OpenAI is on track to pass $20 billion in annual recurring revenue but remains unprofitable as of August 2025. The company’s recent fundraising efforts are eye-popping: In March, OpenAI raised $40 billion at a $300 billion valuation and is preparing to sell around $6 billion in stock at roughly a $500 billion valuation. Altman expects the company’s spending on data center expansions to reach into the trillions, underscoring the scale of ambition—and risk—involved.
Beyond chatbots and cloud infrastructure, Altman confirmed that OpenAI is exploring brain-computer interfaces, aiming to rival Elon Musk’s Neuralink. “I think neural interfaces are cool ideas to explore,” he said, adding that he’d like to “be able to think something and have ChatGPT respond to it.” He also took a subtle jab at Musk’s Grok chatbot, saying, “You will definitely see some companies go make Japanese anime sex bots because they think that they’ve identified something here that works. You will not see us do that. We will continue to work hard at making a useful app, and we will try to let users use it the way they want, but not so much that people who have really fragile mental states get exploited accidentally.”
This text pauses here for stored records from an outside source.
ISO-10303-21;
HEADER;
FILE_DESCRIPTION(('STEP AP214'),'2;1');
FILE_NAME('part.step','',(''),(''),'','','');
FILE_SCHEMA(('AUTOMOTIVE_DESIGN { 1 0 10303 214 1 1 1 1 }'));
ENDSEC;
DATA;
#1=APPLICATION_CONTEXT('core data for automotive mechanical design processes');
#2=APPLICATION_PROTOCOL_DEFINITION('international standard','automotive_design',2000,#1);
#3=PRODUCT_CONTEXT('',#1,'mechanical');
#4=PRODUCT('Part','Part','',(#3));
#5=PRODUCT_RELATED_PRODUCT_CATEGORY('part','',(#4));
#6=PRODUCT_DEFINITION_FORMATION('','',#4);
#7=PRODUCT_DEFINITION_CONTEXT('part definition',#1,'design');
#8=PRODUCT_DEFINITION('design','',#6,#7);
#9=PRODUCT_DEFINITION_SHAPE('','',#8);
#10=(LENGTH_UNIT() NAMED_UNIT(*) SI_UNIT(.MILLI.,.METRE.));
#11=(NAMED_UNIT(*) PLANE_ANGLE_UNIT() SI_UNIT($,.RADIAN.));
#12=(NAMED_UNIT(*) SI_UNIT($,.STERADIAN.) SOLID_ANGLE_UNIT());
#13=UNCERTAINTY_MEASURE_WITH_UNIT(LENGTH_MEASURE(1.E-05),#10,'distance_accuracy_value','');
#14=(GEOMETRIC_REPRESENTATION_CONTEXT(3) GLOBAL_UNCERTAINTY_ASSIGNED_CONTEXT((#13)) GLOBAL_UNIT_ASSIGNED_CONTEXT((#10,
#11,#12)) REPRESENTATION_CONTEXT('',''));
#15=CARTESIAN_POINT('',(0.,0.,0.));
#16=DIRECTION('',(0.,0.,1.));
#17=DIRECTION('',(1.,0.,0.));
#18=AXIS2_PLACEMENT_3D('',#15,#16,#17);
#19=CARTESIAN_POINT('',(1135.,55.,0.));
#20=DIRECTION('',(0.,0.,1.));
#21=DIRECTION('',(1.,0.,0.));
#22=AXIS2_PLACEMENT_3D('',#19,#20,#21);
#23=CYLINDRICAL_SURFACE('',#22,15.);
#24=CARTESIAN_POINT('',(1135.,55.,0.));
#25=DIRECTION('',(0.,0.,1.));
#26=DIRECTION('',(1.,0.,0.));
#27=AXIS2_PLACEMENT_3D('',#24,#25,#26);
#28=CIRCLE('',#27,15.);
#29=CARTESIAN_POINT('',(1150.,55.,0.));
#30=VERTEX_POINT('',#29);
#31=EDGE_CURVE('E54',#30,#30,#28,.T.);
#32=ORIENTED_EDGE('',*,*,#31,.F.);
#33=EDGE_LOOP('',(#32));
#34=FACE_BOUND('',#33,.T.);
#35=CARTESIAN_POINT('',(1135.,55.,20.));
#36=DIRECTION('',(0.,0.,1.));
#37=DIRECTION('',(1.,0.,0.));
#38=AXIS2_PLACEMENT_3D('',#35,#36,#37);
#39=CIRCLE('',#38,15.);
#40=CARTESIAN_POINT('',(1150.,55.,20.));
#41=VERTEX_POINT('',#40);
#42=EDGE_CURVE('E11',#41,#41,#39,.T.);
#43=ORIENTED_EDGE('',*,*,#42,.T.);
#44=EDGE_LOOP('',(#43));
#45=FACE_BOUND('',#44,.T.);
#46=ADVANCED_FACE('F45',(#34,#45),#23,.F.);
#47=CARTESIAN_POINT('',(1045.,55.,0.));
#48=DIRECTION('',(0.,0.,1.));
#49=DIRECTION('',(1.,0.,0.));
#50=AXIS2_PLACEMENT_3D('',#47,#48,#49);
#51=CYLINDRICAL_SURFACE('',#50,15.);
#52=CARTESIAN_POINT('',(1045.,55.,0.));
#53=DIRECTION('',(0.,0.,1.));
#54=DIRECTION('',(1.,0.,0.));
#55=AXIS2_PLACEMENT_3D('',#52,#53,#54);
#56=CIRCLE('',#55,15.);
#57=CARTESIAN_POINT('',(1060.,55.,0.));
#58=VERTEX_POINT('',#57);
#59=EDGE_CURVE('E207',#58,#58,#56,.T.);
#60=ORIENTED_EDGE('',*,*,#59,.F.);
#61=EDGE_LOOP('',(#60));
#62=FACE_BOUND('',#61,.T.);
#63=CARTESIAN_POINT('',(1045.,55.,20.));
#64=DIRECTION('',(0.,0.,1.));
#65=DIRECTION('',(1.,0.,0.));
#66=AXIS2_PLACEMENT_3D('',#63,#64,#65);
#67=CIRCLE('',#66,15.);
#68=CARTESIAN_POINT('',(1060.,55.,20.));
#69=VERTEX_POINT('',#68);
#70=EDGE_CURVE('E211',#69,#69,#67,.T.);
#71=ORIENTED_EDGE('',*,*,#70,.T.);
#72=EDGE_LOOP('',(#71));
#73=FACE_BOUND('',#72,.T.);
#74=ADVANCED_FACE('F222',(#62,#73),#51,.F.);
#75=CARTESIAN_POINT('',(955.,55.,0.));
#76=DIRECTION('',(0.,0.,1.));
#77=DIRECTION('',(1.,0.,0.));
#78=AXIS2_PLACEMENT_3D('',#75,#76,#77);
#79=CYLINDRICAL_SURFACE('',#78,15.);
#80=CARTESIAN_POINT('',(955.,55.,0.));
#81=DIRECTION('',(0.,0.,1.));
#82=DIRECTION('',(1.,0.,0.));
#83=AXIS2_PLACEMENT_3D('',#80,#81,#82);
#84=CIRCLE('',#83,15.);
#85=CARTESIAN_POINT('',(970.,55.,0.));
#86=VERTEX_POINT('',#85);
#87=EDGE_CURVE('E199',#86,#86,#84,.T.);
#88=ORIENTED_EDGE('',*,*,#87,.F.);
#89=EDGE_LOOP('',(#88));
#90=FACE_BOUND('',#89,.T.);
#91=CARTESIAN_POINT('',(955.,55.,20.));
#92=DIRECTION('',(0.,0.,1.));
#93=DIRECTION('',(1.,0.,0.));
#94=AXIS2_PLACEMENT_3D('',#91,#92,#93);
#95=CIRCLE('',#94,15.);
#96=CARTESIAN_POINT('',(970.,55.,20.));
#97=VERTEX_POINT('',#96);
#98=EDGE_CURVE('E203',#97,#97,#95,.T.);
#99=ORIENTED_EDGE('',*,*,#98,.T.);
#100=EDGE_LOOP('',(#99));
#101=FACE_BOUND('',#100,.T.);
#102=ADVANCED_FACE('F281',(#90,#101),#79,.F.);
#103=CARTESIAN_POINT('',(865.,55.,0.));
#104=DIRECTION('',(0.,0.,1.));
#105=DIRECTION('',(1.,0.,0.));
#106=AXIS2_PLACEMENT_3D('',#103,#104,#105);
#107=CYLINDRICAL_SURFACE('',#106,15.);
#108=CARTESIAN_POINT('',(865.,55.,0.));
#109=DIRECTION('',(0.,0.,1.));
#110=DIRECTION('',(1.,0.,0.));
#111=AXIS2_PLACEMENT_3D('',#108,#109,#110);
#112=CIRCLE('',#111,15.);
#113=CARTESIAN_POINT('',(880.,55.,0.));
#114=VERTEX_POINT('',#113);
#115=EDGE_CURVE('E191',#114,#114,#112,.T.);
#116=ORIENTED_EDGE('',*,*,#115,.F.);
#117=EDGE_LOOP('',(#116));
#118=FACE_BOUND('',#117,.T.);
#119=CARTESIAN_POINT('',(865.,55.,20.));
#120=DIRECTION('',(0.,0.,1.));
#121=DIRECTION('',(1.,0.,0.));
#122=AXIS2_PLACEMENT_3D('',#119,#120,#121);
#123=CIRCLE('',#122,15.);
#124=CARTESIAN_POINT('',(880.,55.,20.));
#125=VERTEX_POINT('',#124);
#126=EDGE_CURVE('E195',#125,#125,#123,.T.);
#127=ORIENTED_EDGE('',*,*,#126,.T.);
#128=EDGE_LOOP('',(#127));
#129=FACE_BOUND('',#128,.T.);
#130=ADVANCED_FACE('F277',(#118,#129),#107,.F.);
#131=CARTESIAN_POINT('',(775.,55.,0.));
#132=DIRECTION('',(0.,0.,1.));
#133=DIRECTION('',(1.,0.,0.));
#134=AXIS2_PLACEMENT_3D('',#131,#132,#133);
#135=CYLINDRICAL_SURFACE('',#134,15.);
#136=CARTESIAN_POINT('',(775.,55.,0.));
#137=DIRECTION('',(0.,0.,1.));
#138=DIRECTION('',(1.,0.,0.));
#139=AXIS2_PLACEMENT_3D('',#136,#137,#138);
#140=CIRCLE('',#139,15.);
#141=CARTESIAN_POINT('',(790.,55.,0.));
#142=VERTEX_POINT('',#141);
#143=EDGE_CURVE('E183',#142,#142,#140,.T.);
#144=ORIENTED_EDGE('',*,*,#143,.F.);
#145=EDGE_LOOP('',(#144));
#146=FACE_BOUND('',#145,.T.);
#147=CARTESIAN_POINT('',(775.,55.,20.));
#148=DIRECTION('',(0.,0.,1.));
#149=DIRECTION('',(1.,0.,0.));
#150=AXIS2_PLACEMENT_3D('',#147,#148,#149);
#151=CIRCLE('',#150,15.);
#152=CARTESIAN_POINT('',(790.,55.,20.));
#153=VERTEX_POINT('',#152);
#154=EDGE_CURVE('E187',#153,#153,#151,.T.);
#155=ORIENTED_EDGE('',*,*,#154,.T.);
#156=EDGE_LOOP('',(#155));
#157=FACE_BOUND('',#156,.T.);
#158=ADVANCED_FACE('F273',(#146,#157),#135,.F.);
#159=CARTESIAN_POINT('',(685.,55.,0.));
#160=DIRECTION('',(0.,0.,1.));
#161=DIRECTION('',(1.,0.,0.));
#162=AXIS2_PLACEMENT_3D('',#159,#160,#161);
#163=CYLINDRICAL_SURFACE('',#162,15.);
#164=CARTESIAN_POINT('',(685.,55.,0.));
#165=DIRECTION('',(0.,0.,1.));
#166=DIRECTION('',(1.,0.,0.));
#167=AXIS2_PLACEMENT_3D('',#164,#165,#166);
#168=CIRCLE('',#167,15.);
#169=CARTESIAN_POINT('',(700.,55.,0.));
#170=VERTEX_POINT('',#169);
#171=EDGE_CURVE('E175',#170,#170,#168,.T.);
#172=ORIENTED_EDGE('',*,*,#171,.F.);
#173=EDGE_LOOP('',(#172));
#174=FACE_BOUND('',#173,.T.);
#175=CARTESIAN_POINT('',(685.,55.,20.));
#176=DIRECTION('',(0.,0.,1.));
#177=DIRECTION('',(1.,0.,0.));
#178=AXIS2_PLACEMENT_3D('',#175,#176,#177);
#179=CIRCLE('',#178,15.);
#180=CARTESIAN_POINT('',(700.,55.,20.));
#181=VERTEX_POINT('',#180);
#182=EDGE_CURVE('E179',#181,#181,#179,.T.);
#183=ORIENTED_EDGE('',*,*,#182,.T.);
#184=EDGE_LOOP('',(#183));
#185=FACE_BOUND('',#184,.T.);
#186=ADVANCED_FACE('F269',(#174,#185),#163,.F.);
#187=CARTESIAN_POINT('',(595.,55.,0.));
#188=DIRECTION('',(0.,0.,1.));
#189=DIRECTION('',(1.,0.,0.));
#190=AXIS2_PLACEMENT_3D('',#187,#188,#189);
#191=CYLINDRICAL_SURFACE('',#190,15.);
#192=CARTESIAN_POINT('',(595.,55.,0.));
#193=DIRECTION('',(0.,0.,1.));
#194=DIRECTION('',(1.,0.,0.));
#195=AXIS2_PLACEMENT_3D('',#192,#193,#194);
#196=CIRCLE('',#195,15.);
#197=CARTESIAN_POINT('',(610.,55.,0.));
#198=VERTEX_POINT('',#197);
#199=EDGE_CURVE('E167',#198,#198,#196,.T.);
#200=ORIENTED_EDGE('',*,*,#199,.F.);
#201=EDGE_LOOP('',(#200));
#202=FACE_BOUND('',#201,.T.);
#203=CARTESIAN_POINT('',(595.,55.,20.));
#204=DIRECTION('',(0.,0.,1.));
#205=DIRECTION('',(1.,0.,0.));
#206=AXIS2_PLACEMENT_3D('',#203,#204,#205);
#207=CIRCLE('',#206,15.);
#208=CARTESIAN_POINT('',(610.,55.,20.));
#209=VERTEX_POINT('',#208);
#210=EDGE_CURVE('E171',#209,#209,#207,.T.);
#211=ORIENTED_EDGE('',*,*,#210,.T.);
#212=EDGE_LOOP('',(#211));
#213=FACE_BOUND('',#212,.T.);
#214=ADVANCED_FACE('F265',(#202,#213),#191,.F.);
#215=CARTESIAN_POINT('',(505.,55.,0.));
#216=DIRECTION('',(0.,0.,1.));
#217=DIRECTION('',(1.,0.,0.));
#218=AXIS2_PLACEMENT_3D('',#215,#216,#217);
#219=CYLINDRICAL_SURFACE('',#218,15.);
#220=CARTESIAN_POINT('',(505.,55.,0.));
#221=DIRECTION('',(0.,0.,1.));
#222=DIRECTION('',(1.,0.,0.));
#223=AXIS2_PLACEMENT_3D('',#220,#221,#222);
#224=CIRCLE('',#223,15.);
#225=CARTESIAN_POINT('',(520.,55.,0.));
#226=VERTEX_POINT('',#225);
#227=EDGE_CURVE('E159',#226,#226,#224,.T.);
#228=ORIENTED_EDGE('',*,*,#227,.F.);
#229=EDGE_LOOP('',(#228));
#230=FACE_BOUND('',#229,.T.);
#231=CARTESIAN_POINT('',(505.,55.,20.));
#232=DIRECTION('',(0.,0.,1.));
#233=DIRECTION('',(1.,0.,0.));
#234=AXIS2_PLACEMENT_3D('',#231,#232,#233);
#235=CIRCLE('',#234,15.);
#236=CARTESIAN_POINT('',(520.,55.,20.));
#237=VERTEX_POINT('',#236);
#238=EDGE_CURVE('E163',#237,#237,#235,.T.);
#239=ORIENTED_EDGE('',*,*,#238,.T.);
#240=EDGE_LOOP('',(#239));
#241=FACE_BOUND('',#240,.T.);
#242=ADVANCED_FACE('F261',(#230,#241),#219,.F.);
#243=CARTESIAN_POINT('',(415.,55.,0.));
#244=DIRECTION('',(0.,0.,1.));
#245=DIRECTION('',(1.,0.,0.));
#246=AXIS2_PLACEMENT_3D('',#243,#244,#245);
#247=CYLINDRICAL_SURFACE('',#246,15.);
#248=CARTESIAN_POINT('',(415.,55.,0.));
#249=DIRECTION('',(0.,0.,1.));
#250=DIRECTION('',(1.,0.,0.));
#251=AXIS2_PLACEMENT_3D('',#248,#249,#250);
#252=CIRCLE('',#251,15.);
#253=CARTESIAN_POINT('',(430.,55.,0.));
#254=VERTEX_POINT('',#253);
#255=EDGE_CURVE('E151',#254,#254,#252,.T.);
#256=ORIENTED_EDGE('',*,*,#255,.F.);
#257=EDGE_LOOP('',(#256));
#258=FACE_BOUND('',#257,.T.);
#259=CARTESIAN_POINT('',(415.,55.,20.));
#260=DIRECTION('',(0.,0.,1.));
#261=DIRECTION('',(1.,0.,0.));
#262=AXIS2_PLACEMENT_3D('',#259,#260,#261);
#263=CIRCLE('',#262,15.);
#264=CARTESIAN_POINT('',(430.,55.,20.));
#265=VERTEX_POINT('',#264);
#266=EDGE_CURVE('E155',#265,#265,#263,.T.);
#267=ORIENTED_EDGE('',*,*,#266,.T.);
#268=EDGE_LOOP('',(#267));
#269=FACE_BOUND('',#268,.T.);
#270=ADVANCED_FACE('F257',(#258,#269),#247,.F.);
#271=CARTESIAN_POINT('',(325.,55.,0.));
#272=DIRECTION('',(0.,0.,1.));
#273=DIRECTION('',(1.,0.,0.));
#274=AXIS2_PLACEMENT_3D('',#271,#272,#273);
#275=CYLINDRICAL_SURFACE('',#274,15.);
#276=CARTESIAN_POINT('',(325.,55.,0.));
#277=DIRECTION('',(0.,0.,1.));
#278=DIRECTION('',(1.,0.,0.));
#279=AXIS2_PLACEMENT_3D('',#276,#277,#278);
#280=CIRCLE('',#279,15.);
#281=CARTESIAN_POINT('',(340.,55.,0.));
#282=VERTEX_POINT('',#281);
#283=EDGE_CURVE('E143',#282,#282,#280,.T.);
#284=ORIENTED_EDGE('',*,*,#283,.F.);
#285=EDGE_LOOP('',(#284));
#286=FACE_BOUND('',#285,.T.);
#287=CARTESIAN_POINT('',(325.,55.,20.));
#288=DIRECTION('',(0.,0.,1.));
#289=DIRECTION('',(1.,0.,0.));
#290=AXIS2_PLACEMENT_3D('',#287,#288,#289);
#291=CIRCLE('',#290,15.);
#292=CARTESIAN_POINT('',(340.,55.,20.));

Altman also reflected on his own future, noting, “I’m not a naturally well-suited person to be a public company CEO. Can you imagine me on an earnings call?” Jokingly, he suggested that perhaps in three years, an AI could be running OpenAI: “That’s a long time.”
While the optimism and ambition in the AI sector are palpable, Altman’s warnings—and those of other industry veterans—serve as a reminder that unchecked exuberance can have consequences. The infrastructure and innovation being built today may well outlast the hype, but as history shows, markets don’t stay aloft forever.